THE European Union is making life difficult for Grand Prix racing at the moment and there are signs that this could lead to another showdown between the authorities in Brussels and Grand Prix racing bosses. A compromise was reached over the banning of tobacco advertising in the European Union after Formula 1 threatened to scale down the number of races in Europe but an investigation into Bernie Ecclestone's Formula 1 Holdings by the EU Competition Commissioner Karel Van Miert could lead to more trouble.

Van Miert has been asked to rule on whether Ecclestone's deal with the FIA to exploit all the commercial rights associated with Grand Prix racing is anti-competitive. This question must be resolved before Ecclestone can float Formula 1 Holdings on the stock exchange.

On Saturday he was quoted in the Belgian newspaper Belang van Limburg saying that "Mr. Ecclestone has had F1 to himself now for 15 years. We have to set things right. A number of rulings are in the pipeline."

These comments do not make much sense as Ecclestone has only been running F1 as a private business for the last couple of years, prior to that he was working as a representative of the F1 teams.

The Belang van Limburg reported that Ecclestone was given the rights to exploit F1 commercial matters 15 years ago. This is completely inaccurate as Ecclestone's 15-year deal with the FIA was only signed at the end of 1995. To prepare for the flotation, however, Ecclestone wants the deal extended for another 10 years - to the end of the year 2020. The FIA is willing to grant him such a deal - in exchange for a sizable amount of money and shares in the floated company.

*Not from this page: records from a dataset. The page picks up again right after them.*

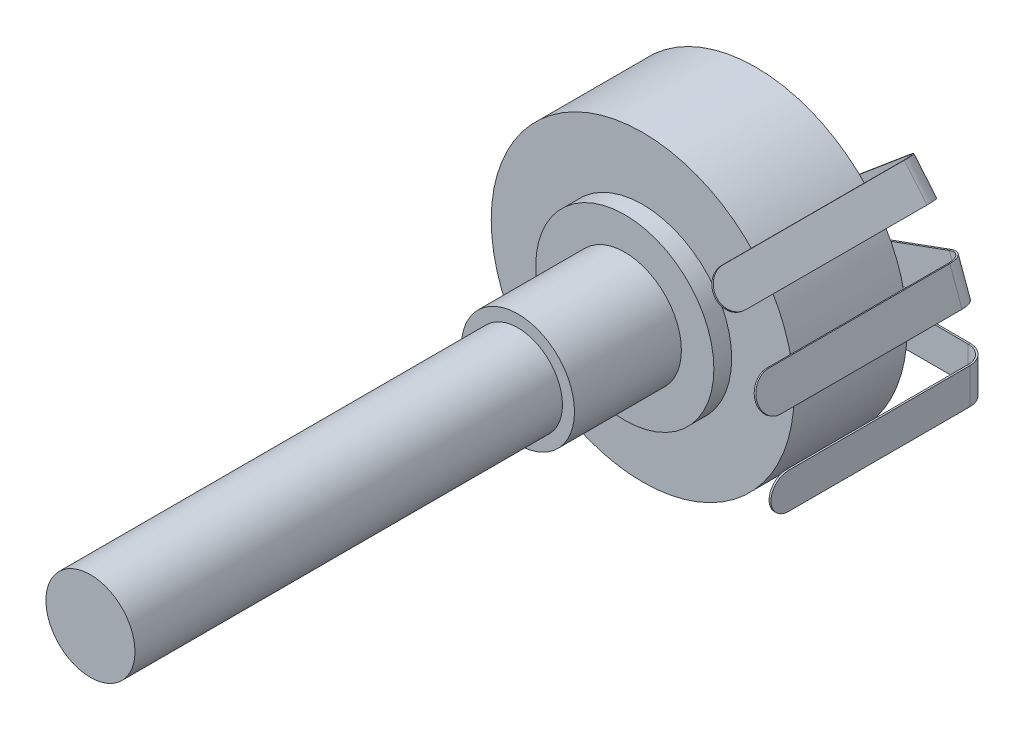
from build123d import *

# Parameters (mm, degrees)
SKETCH1_R                = 8.5
BOSS_EXTRUDE1_DEPTH      = 6.35
SKETCH2_R                = 5
BOSS_EXTRUDE2_DEPTH      = 1
SKETCH3_R                = 3.175
BOSS_EXTRUDE3_DEPTH      = 6
SKETCH4_R                = 2.5
BOSS_EXTRUDE4_DEPTH      = 24
BASE_FLANGE1_START       = -0.1
BASE_FLANGE1_DEPTH       = 0.1
SKETCHED_START           = 12.925331928
SKETCHED_BEND6_OUTLINE_W = 2
SKETCHED_BEND6_OUTLINE_H = 0.1
SKETCHED_BEND6_DEPTH     = 13.074668072
SKETCHED_START_2         = 11.925331928
SKETCHED_BEND6_2_DEPTH   = 1.1
SKETCHED_START_3         = -1
SKETCHED_BEND6_3_DEPTH   = 2
CIRPATTERN1_COUNT        = 3
CIRPATTERN1_ANGLE        = 40


with BuildPart() as part:
    # Sketch1 → Boss-Extrude1 (new body)
    with BuildSketch(Plane.XY):
        Circle(SKETCH1_R)
    extrude(amount=BOSS_EXTRUDE1_DEPTH)

    # Sketch2 → Boss-Extrude2 (add)
    with BuildSketch(Plane.XY.offset(6.35)):
        Circle(SKETCH2_R)
    extrude(amount=BOSS_EXTRUDE2_DEPTH)

    # Sketch3 → Boss-Extrude3 (add)
    with BuildSketch(Plane.XY.offset(7.35)):
        Circle(SKETCH3_R)
    extrude(amount=BOSS_EXTRUDE3_DEPTH)

    # Sketch4 → Boss-Extrude4 (add)
    with BuildSketch(Plane.XY.offset(13.35)):
        Circle(SKETCH4_R)
    extrude(amount=BOSS_EXTRUDE4_DEPTH)


with BuildPart() as body_2:
    # Base-Flange1: read off the stored shape, not the designer's step
    # Base-Flange1 outline → Base-Flange1 (new body)
    with BuildSketch(Plane.XY.offset(BASE_FLANGE1_START)):
        with BuildLine():
            Line((23.75, 1), (6.75, 1))
            ThreePointArc((6.75, 1), (5.75, 0), (6.75, -1))
            Line((6.75, -1), (23.75, -1))
            ThreePointArc((23.75, -1), (24.75, 0), (23.75, 1))
        make_face()
    extrude(amount=BASE_FLANGE1_DEPTH)

    # Sketched Bend6: read off the stored shape, not the designer's step
    # Sketched Bend6 outline → Sketched Bend6 (cut)
    with BuildSketch(Plane.YZ.offset(SKETCHED_START)):
        with Locations((0, -0.05)):
            Rectangle(SKETCHED_BEND6_OUTLINE_W, SKETCHED_BEND6_OUTLINE_H)
    extrude(amount=SKETCHED_BEND6_DEPTH, mode=Mode.SUBTRACT)

    # Sketched Bend6 2 outline → Sketched Bend6 2 (add)
    with BuildSketch(Plane.YZ.offset(SKETCHED_START_2)):
        with BuildLine():
            Line((1, 0), (1, 11.175331928))
            ThreePointArc((1, 11.175331928), (0, 12.175331928), (-1, 11.175331928))
            Line((-1, 11.175331928), (-1, 0))
            Line((-1, 0), (1, 0))
        make_face()
    extrude(amount=SKETCHED_BEND6_2_DEPTH)

    # Sketched Bend6 3 outline → Sketched Bend6 3 (cut)
    with BuildSketch(Plane(origin=(0, 0, 0), x_dir=(1, 0, 0), z_dir=(0, 1, 0)).offset(SKETCHED_START_3)):
        with BuildLine():
            Line((12.925331928, -14), (12.925331928, -1))
            ThreePointArc((12.925331928, -1), (12.63243871, -0.292893218), (11.925331928, 0))
            Line((11.925331928, 0), (11.925331928, -14))
            Line((11.925331928, -14), (12.925331928, -14))
        make_face()
        with BuildLine():
            Line((13.025331928, -1), (13.02533192, -14))
            Line((13.02533192, -14), (15, -14))
            Line((15, -14), (15, 0))
            Line((15, 0), (12.925331928, 0))
            Line((12.925331928, 0), (12.925331928, 0.1))
            Line((12.925331928, 0.1), (11.925331928, 0.1))
            ThreePointArc((11.925331928, 0.1), (12.703149387, -0.222182541), (13.025331928, -1))
        make_face()
    extrude(amount=SKETCHED_BEND6_3_DEPTH, mode=Mode.SUBTRACT)


with BuildPart() as cirpattern1_1:
    # CirPattern1: pattern copy
    add(body_2.part.rotate(Axis((0, 0, 0), (0, 0, 1)), 1 * CIRPATTERN1_ANGLE / (CIRPATTERN1_COUNT - 1)))


with BuildPart() as cirpattern1_2:
    # CirPattern1: pattern copy
    add(body_2.part.rotate(Axis((0, 0, 0), (0, 0, 1)), 2 * CIRPATTERN1_ANGLE / (CIRPATTERN1_COUNT - 1)))


solid = Compound([part.part, body_2.part, cirpattern1_1.part, cirpattern1_2.part])

In a recent interview FIA President Max Mosley said that the FIA wants "substantial benefits". "The ideal situation would be to have shares but also to have a lump sum of cash at the beginning of the deal so that the FIA is all right whatever happens to Formula 1," Mosley said.

There is no question, however, that the FIA wants FOH to be floated. "It will be better if the commercial side of the business is run by a public company rather than an individual," said Mosley, "simply because F1 is so big and there are such big companies now involved."

Van Miert could insist that any deal between the FIA and Ecclestone be modified or even canceled - which could have a detrimental effect on the flotation.

Ecclestone and the FIA do not, of course, have to abide by European Union laws if they choose to operate outside the EU. If Van Miert's decisions are too radical we would expect to see the FIA threaten to withdraw from the EU completely. There is no shortage of places around the world which want to host Grands Prix.

"At the moment F1 is still very much a European sport," Mosley says, "but the EU has only 12% of the TV audience now and, to some extent, the future lies outside the EU."